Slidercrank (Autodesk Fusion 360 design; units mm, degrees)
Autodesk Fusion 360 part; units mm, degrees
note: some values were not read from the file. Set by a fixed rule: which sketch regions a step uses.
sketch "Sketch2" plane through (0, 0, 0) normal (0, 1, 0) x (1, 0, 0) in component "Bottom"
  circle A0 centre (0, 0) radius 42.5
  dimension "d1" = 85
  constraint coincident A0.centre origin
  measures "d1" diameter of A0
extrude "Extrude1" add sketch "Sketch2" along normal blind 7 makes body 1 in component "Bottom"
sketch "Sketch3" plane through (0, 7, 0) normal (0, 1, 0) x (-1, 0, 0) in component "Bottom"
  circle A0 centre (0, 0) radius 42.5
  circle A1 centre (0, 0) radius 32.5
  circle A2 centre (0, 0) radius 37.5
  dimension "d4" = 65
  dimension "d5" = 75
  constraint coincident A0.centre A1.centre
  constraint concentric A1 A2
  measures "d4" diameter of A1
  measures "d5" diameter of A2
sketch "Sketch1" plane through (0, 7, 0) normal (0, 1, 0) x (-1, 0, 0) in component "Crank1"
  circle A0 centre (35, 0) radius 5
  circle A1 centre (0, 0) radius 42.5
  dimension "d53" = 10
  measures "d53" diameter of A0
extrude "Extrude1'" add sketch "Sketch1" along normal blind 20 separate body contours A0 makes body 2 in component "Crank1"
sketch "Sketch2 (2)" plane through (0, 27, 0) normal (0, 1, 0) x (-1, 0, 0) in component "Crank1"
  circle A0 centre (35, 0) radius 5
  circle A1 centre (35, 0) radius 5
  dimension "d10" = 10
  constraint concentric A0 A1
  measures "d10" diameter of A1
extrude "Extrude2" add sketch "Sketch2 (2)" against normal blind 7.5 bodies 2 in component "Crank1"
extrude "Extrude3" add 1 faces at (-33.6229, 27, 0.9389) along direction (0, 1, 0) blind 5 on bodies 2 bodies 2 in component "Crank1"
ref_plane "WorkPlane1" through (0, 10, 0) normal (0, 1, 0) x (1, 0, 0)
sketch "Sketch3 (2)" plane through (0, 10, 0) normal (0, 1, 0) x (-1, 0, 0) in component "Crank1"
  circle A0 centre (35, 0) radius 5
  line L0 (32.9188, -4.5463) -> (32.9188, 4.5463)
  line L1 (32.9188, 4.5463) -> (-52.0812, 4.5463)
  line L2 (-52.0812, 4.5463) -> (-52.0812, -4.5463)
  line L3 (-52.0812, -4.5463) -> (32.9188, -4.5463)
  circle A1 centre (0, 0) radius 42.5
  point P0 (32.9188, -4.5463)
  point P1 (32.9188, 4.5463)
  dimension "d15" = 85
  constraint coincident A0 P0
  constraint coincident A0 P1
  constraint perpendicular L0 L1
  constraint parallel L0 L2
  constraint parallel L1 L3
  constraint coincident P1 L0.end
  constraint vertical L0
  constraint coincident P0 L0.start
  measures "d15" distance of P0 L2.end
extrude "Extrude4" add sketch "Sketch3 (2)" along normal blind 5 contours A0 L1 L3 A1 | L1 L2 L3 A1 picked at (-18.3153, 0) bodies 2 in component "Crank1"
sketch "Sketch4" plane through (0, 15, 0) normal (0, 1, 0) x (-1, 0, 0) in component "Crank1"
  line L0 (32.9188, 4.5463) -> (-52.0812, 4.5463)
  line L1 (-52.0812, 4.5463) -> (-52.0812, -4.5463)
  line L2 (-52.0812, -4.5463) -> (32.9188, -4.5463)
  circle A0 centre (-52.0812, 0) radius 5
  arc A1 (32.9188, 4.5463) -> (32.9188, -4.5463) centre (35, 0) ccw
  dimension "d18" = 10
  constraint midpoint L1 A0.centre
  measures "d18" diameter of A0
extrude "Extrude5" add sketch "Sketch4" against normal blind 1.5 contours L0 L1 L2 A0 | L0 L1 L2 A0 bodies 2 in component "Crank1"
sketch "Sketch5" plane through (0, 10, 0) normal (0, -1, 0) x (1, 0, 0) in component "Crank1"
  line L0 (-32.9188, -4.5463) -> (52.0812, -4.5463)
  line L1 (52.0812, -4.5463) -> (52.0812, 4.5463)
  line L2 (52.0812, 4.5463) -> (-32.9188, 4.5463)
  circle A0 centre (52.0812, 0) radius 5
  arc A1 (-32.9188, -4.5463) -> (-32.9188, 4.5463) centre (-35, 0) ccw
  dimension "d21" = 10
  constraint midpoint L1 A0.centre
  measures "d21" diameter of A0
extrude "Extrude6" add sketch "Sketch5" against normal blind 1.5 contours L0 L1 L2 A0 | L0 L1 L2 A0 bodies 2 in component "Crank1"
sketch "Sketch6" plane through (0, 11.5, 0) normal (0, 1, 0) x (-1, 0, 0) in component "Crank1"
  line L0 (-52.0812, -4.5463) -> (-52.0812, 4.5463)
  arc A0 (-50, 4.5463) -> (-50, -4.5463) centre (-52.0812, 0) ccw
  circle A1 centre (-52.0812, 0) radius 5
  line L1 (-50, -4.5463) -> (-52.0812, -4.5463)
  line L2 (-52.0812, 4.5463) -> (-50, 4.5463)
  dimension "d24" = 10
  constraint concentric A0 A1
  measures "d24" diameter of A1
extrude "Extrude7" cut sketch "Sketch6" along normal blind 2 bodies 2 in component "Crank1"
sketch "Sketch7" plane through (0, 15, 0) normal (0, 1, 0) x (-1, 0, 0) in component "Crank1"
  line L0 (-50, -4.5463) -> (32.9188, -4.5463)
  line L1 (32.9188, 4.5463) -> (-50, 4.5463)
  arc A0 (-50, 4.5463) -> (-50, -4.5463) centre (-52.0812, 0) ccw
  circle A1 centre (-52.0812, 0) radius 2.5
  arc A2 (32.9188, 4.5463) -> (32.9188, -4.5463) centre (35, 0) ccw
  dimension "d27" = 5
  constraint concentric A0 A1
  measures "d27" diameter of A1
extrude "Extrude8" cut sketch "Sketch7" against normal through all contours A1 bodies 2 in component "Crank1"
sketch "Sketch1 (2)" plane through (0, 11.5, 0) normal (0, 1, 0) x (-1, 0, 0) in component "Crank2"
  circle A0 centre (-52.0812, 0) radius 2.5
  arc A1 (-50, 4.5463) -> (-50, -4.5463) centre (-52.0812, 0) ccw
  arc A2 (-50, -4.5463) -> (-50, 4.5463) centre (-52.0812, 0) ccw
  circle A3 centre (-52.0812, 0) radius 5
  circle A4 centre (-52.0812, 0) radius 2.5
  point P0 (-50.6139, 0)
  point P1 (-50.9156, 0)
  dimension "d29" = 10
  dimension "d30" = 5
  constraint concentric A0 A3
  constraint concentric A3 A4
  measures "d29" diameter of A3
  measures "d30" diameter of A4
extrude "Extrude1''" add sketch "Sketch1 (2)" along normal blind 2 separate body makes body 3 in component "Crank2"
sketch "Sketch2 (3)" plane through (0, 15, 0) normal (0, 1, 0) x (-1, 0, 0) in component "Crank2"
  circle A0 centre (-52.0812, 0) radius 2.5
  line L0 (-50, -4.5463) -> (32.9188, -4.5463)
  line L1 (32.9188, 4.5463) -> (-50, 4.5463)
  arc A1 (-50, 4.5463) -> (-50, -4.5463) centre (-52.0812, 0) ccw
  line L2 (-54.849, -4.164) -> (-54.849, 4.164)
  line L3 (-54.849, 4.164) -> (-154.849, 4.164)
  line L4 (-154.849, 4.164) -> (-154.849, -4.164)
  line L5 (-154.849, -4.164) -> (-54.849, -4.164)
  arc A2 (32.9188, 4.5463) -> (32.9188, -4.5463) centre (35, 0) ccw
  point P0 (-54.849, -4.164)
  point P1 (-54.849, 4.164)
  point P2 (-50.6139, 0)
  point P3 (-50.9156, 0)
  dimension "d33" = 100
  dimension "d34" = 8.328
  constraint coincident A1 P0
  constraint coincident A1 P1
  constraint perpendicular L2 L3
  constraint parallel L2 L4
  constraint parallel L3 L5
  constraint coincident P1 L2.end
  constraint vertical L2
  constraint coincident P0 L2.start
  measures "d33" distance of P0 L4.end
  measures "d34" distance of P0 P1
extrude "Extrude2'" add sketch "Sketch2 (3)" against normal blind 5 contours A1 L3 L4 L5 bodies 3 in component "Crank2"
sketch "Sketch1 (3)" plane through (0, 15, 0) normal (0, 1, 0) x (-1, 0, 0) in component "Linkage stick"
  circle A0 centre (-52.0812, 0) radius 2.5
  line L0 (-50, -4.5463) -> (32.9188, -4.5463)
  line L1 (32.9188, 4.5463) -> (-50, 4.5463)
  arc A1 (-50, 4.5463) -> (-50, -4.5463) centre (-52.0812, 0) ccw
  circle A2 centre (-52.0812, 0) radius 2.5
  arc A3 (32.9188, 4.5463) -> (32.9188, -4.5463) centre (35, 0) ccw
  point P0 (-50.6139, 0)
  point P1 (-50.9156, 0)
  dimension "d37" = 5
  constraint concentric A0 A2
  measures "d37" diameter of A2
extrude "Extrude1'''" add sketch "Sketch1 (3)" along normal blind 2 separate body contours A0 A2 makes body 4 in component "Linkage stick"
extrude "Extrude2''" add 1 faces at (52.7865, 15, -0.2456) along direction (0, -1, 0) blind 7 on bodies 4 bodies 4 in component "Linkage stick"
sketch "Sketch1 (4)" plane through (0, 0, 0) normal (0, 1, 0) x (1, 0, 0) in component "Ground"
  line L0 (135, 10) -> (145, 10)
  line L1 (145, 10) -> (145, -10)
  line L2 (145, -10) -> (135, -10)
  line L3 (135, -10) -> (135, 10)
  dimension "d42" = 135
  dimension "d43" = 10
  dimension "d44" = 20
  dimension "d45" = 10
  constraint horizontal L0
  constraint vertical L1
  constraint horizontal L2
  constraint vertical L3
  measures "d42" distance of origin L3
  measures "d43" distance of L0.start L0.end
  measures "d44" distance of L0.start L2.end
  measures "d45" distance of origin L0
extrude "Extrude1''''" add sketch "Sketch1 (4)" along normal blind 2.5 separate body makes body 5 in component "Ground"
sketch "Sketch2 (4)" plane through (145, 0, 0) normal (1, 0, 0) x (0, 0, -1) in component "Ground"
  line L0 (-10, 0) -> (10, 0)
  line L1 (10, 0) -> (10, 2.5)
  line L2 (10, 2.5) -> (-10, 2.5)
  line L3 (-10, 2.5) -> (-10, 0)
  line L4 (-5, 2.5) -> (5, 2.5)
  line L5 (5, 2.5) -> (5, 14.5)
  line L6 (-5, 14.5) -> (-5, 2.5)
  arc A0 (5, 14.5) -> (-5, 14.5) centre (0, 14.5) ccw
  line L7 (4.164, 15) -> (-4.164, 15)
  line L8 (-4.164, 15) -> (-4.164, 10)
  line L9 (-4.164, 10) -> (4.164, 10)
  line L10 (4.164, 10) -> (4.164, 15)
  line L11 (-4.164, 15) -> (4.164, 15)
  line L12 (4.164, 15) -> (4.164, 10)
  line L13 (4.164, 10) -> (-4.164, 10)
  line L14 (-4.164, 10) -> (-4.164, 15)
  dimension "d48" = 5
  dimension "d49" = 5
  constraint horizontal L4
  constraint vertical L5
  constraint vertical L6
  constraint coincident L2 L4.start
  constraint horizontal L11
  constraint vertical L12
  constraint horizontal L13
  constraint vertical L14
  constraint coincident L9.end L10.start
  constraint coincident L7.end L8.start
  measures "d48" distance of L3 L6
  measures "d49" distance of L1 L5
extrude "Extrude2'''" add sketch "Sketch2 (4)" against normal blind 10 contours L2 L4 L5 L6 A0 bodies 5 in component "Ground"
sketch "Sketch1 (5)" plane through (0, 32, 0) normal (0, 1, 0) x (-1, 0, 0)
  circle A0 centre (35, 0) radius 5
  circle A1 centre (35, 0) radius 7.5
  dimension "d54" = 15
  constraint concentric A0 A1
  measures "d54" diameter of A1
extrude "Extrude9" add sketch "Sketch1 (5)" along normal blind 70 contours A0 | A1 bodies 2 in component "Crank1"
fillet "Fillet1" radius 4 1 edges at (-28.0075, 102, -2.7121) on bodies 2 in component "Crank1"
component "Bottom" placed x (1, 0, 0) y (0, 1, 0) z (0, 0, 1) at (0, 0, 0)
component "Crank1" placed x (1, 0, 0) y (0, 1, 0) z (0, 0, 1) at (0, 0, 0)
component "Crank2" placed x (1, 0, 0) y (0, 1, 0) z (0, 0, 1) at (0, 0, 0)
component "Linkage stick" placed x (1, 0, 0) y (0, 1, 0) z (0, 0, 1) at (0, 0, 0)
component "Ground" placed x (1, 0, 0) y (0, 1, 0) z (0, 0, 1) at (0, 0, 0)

WHAT THE EXERCISE ASKS -> Search the listing for the word "origin". Copy every line in which it occurs.

EXERCISE ANSWER ->
  constraint coincident A0.centre origin
  measures "d42" distance of origin L3
  measures "d45" distance of origin L0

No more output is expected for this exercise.